Sacred Mysteries: Yes, minster: a new civic dignity for old churches

Rotherham Minster: a large and stately Yorkshire church
Rotherham Minster: a large and stately Yorkshire church - Ali Gordon / Alamy

I was enjoying a cup of coffee a few years ago in a patch of autumn sunshine outside Fitzwilliam and Hughes cafe (now the Ministry) on the corner of Church Street in Rotherham (a town named in a survey in 2022 as the unhappiest place in the country to live).

Some parents, the majority of them of Asian background, were taking photos of their grown-up children posing in mortar-boards, having attended a graduation ceremony in the mostly 15th-century parish church of All Saints, “one of the largest and stateliest churches in Yorkshire”, as Nikolaus Pevsner, the great architectural historian, put it.

It was a cheering contrast to nearby Corporation Street, where the Envy nightclub and shops beneath were damaged by fire in 2007 and the next-door Muskaan Indian restaurant was closed after a fire in 2011. They have lain ruinous and empty ever since, though I hear that the council has confirmed a compulsory purchase order to allow redevelopment.

What puzzled me was the sign outside All Saints proclaiming it as Rotherham Minster. This didn’t ring a bell, as Southwell Minster or Beverley Minster would.

It turned out that a few historic churches – 17 at the last count – have been designated minsters in the Church of England, with the conscious intention of recognising a wider role than looking after the immediate parishioners.

Most acquired the new title this century, though the first two were Dewsbury (1994) and Sunderland (1998). Rotherham has been a minster since 2004, the third place to receive the revived title. That does not change its legal or ecclesiastical status.

The minsters that we used to recognise, half-consciously sometimes, had very ancient origins. Two great northern cathedrals, York and Lincoln, are called minsters. Westminster Abbey, dedicated to St Peter, was the counterpart of St Paul’s, seen as the east minster, though I’m not sure that the phrase “east minster” was applied to it.

Minsters derive their names from the Latin monasterium, “monastery”, but by the 8th century monasterium was being applied to great churches here or on the Continent that were not monasteries.

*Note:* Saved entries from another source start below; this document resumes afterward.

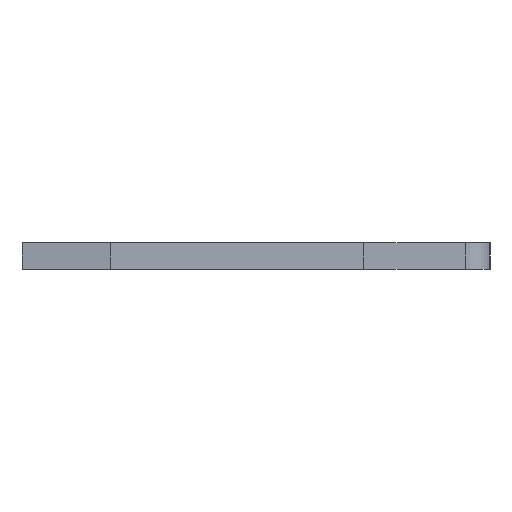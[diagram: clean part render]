
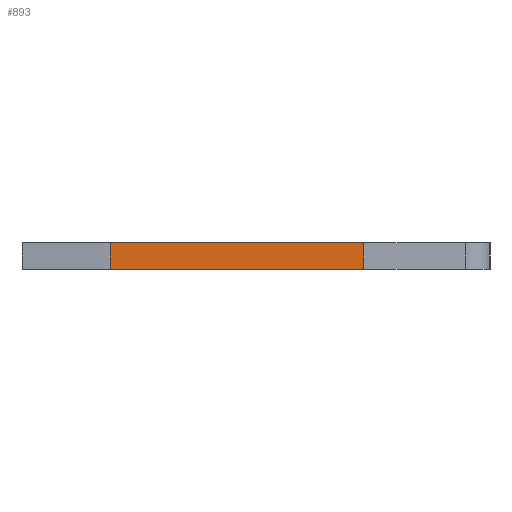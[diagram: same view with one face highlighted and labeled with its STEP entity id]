
A CAD part, left-side view. The second image highlights one B-rep face of the part: STEP entity #893.
In plain terms, the highlighted face is planar.
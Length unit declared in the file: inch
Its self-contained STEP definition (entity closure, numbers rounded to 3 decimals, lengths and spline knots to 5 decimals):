
#15 = DIRECTION ( 'NONE',  ( 0., 1., 0. ) ) ;
#44 = DIRECTION ( 'NONE',  ( -1., 0., 0. ) ) ;
#57 = CARTESIAN_POINT ( 'NONE',  ( -0.013, 0.146, -0.0575 ) ) ;
#58 = VERTEX_POINT ( 'NONE', #1251 ) ;
#94 = CARTESIAN_POINT ( 'NONE',  ( 0.013, -0.099, -0.0575 ) ) ;
#112 = ORIENTED_EDGE ( 'NONE', *, *, #804, .F. ) ;
#131 = VERTEX_POINT ( 'NONE', #1549 ) ;
#203 = EDGE_CURVE ( 'NONE', #1321, #1612, #1658, .T. ) ;
#249 = FACE_OUTER_BOUND ( 'NONE', #639, .T. ) ;
#320 = VECTOR ( 'NONE', #44, 39.37008 ) ;
#501 = DIRECTION ( 'NONE',  ( -1., 0., 0. ) ) ;
#553 = VECTOR ( 'NONE', #1371, 39.37008 ) ;
#625 = CARTESIAN_POINT ( 'NONE',  ( 0.013, 0.146, -0.0575 ) ) ;
#636 = VECTOR ( 'NONE', #501, 39.37008 ) ;
#639 = EDGE_LOOP ( 'NONE', ( #1813, #112, #1195, #1362 ) ) ;
#642 = EDGE_CURVE ( 'NONE', #1321, #58, #1683, .T. ) ;
#749 = CARTESIAN_POINT ( 'NONE',  ( 0.013, -0.099, -0.0575 ) ) ;
#804 = EDGE_CURVE ( 'NONE', #1612, #131, #965, .T. ) ;
#893 = ADVANCED_FACE ( 'NONE', ( #249 ), #1505, .F. ) ;
#911 = EDGE_CURVE ( 'NONE', #58, #131, #1314, .T. ) ;
#965 = LINE ( 'NONE', #1067, #636 ) ;
#1067 = CARTESIAN_POINT ( 'NONE',  ( 0.013, 0.146, -0.0575 ) ) ;
#1191 = VECTOR ( 'NONE', #15, 39.37008 ) ;
#1195 = ORIENTED_EDGE ( 'NONE', *, *, #203, .F. ) ;
#1223 = DIRECTION ( 'NONE',  ( 0., 0., 1. ) ) ;
#1251 = CARTESIAN_POINT ( 'NONE',  ( -0.013, -0.099, -0.0575 ) ) ;
#1314 = LINE ( 'NONE', #57, #553 ) ;
#1321 = VERTEX_POINT ( 'NONE', #94 ) ;
#1354 = DIRECTION ( 'NONE',  ( 1., 0., 0. ) ) ;
#1362 = ORIENTED_EDGE ( 'NONE', *, *, #642, .T. ) ;
#1371 = DIRECTION ( 'NONE',  ( 0., 1., 0. ) ) ;
#1425 = CARTESIAN_POINT ( 'NONE',  ( 0.013, 0.146, -0.0575 ) ) ;
#1505 = PLANE ( 'NONE',  #1723 ) ;
#1549 = CARTESIAN_POINT ( 'NONE',  ( -0.013, 0.146, -0.0575 ) ) ;
#1612 = VERTEX_POINT ( 'NONE', #1425 ) ;
#1658 = LINE ( 'NONE', #1699, #1191 ) ;
#1683 = LINE ( 'NONE', #749, #320 ) ;
#1699 = CARTESIAN_POINT ( 'NONE',  ( 0.013, 0.146, -0.0575 ) ) ;
#1723 = AXIS2_PLACEMENT_3D ( 'NONE', #625, #1223, #1354 ) ;
#1813 = ORIENTED_EDGE ( 'NONE', *, *, #911, .T. ) ;

It is presumed now that pastoral care was organised before the Conquest largely by way of minster churches staffed by communities of clergy, whether priests not under vows or monks. Since the 1980s the historian John Blair has outlined the way these might have functioned. Westminster Abbey was a house of Benedictine monks. York Minster was a foundation of non-monastic canons.

At Southwell Minster, which looks like an ancient cathedral but became one only in 1884, nine beautiful houses survive nearby that belonged to the prebendaries who acted like the chapter of a cathedral. Southwell was suppressed as a collegiate church in 1540, though it was not a monastery. Surprisingly, under Elizabeth I a law was passed that provided for it to function as a collegiate church, its prebendaries supported by land attached to their prebendal livings.

This was just the sort of thing that in the reforming days of Queen Victoria the Ecclesiastical Commissioners hated. They ensured in 1841 that each prebend lapsed on the death of its holder, until the whole chapter became extinct on the death of Prebendary Thomas Shepherd, 32 years later.

Today’s minsters lack the benefits of a college of clergy. But perhaps the  status draws attention to overlooked churches such as Croydon Minster, where six Archbishops of Canterbury lie buried.